Transferring lessons and skill sets from different experiences can help build familiarity even in unfamiliar settings.
Lesson 3: Shipping Savvy
Gymshark didn’t always sell fitness wear. Initially, Francis started doing Gymshark by selling workout supplements. While selling pizzas to make ends meet, he got the idea to start a website and start selling supplements directly to his (then) small consumer base.
After realizing he couldn’t fund enough supplements to stock the website on a delivery driver’s salary, he transitioned to the idea of drop shipping supplements from other suppliers via the Gymshark website. Drop shipping is a retail method where businesses don’t keep the products it sells in stock. When a drop shipping retailer sells a product, it purchases the item directly from a third party that ships the product directly to a customer.

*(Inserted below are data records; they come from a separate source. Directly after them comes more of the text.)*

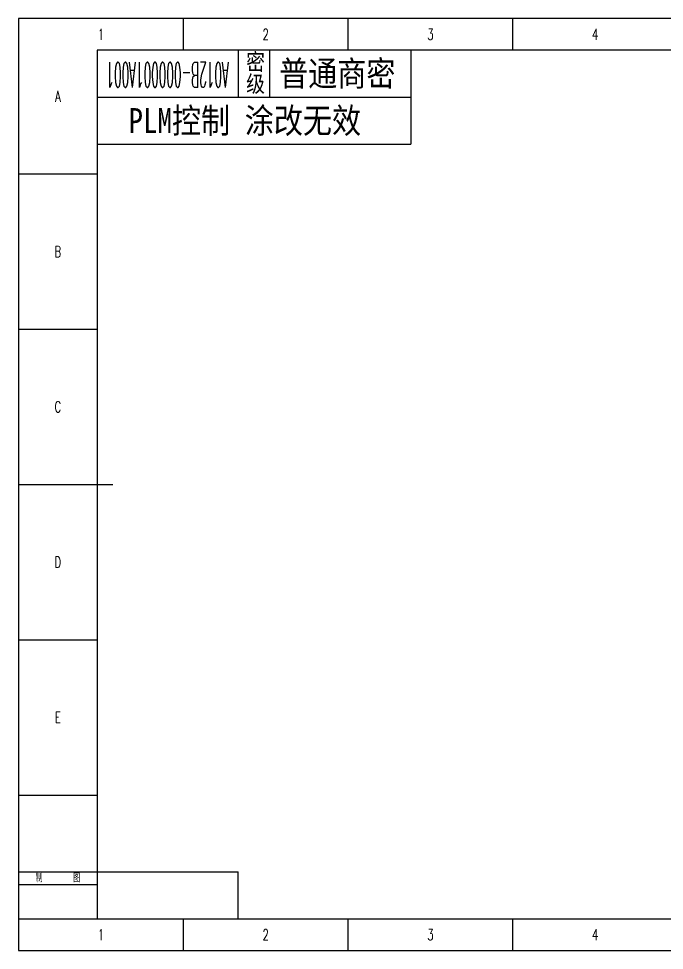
# Model space of a CAD drawing. Header units: millimetres. Extents: x 0 to 420, y 0 to 297.
# Drawn here: x 0 to 205.8, y 0 to 297 of the extents above; entities that cross this region are included whole.
import ezdxf
from ezdxf.enums import TextEntityAlignment as Align

# ---------------------------------------------------------------- set-up
doc = ezdxf.new("R2010")
doc.units = ezdxf.units.MM
doc.layers.add('PDM_Title', color=7, linetype='Continuous')
doc.styles.add('HZ', font='TXT.SHX', dxfattribs={"width": 0.667, "bigfont": 'HZTXT.SHX'})
doc.styles.add('pdmHT', font='SIMHEI.TTF')

# ---------------------------------------------------------------- blocks, each defined once
blk = doc.blocks.new('FitPDM_DWGFrame')
at = {"layer": 'PDM_Title', "color": 2}
for p, q in [((420, 297), (0, 297)), ((0, 297), (0, 0)), ((52.5, 287), (52.5, 297)), ((105, 287), (105, 297)), ((157.5, 287), (157.5, 297)), ((0, 247.5), (25, 247.5)), ((0, 198), (25, 198)), ((0, 99), (25, 99)), ((0, 49.5), (25, 49.5)), ((0, 25), (25, 25)), ((0, 21), (25, 21)), ((0, 10), (25, 10)), ((52.5, 0), (52.5, 10)), ((105, 0), (105, 10)), ((157.5, 0), (157.5, 10)), ((0, 0), (420, 0))]:
    blk.add_line(p, q, dxfattribs=at)
at = {"layer": 'PDM_Title', "color": 0}
for p, q in [((410, 287), (25, 287)), ((25, 287), (25, 10)), ((70, 287), (70, 272)), ((80, 287), (80, 272)), ((125, 287), (125, 272)), ((25, 272), (70, 272)), ((70, 272), (125, 272)), ((125, 272), (125, 257)), ((25, 257), (125, 257)), ((0, 148.5), (30, 148.5)), ((25, 25), (70, 25)), ((70, 10), (70, 25)), ((25, 10), (410, 10))]:
    blk.add_line(p, q, dxfattribs=at)
at = {"layer": 'PDM_Title', "color": 2, "style": 'HZ', "width": 0.667}
for s, height, p in [('1', 3.5, (26.25, 292)), ('2', 3.5, (78.75, 292)), ('3', 3.5, (131.25, 292)), ('4', 3.5, (183.75, 292)), ('A', 3.5, (12.5, 272.25)), ('B', 3.5, (12.5, 222.75)), ('C', 3.5, (12.5, 173.25)), ('D', 3.5, (12.5, 123.75)), ('E', 3.5, (12.5, 74.25)), ('制      图', 2.5, (12.5, 23)), ('1', 3.5, (26.25, 5)), ('2', 3.5, (78.75, 5)), ('3', 3.5, (131.25, 5)), ('4', 3.5, (183.75, 5))]:
    blk.add_text(s, height=height, dxfattribs=at).set_placement(p, align=Align.MIDDLE_CENTER)
at = {"layer": 'PDM_Title', "color": 2, "style": 'HZ'}
for s, p in [('密', (72.5, 280)), ('级', (72.5, 273))]:
    blk.add_text(s, height=6, dxfattribs=at).set_placement(p)
at = {"layer": 'PDM_Title', "color": 2, "style": 'HZ', "width": 0.365625}
blk.add_text('A012B-000001A001', height=8, rotation=180, dxfattribs=at).set_placement((67, 283.1), (28, 283.1), align=Align.FIT)
at = {"layer": 'PDM_Title', "color": 2, "style": 'pdmHT', "width": 0.85}
for s, p in [('普通商密', (83, 275.5)), ('PLM控制 涂改无效', (35, 260.5))]:
    blk.add_text(s, height=8, dxfattribs=at).set_placement(p)

msp = doc.modelspace()

# ---------------------------------------------------------------- block references
at = {"layer": 'PDM_Title'}
msp.add_blockref('FitPDM_DWGFrame', (0, 0), dxfattribs=at)

doc.saveas('drawing.dxf')

In this case, Gymshark would be the storefront for other DTC brands that would advertise stock on its page. For every sale purchased on Gymshark’s site, the drop shipping supplier, would charge Gymshark, and Gymshark would charge the customer.
Though he stopped dropshipping soon after, he used the short-term creative solution to build his website, direct traffic and raise funds to get the business to a level where it could purchase its own product, taking the third party drop shipper suppliers out of the direct-to consumer transactions.
Lesson 4: Understanding your Community
On his site, Francis highlights some of his keys to success that ultimately earned Gymshark the title of the UK’s fastest growing company. Over all, he stressed the importance of knowing your brand and by extension, your community.
First, he recognized that fitness was about to take off in 2012. Young adults across the world were beginning to realize the professional and personal benefits of working out and fitness lifestyles.
Second, he recognized social media platforms were a burgeoning game-changer. His social media savvy allowed him to curate and attract the Gymshark community. Even today, Francis uses social media to target his ideal audience: 16-25 year olds who, like him, are obsessed with fitness. They stay active on Instagram, Youtube and Tiktok to entertain and engage their nearly 20 million followers across the platforms on their unique brand.
Finally, direct-to-consumer brands were being listened to. Shopify (the company that runs Gymshark’s web store) was new in 2012, and trending as people got more comfortable buying from companies they were unfamiliar with. As long as shipping times were reasonable, and products were returnable, the consumer public was welcome to the DTC model.
These three stars aligning gave Francis the opportunity he needed for Gymshark to soar. After that, it was just a matter of constant hard work, searching for opportunities for brand growth, and more DTC advertising on social media. Moreover, he credited his ability to take risks by investing in the Gymshark community.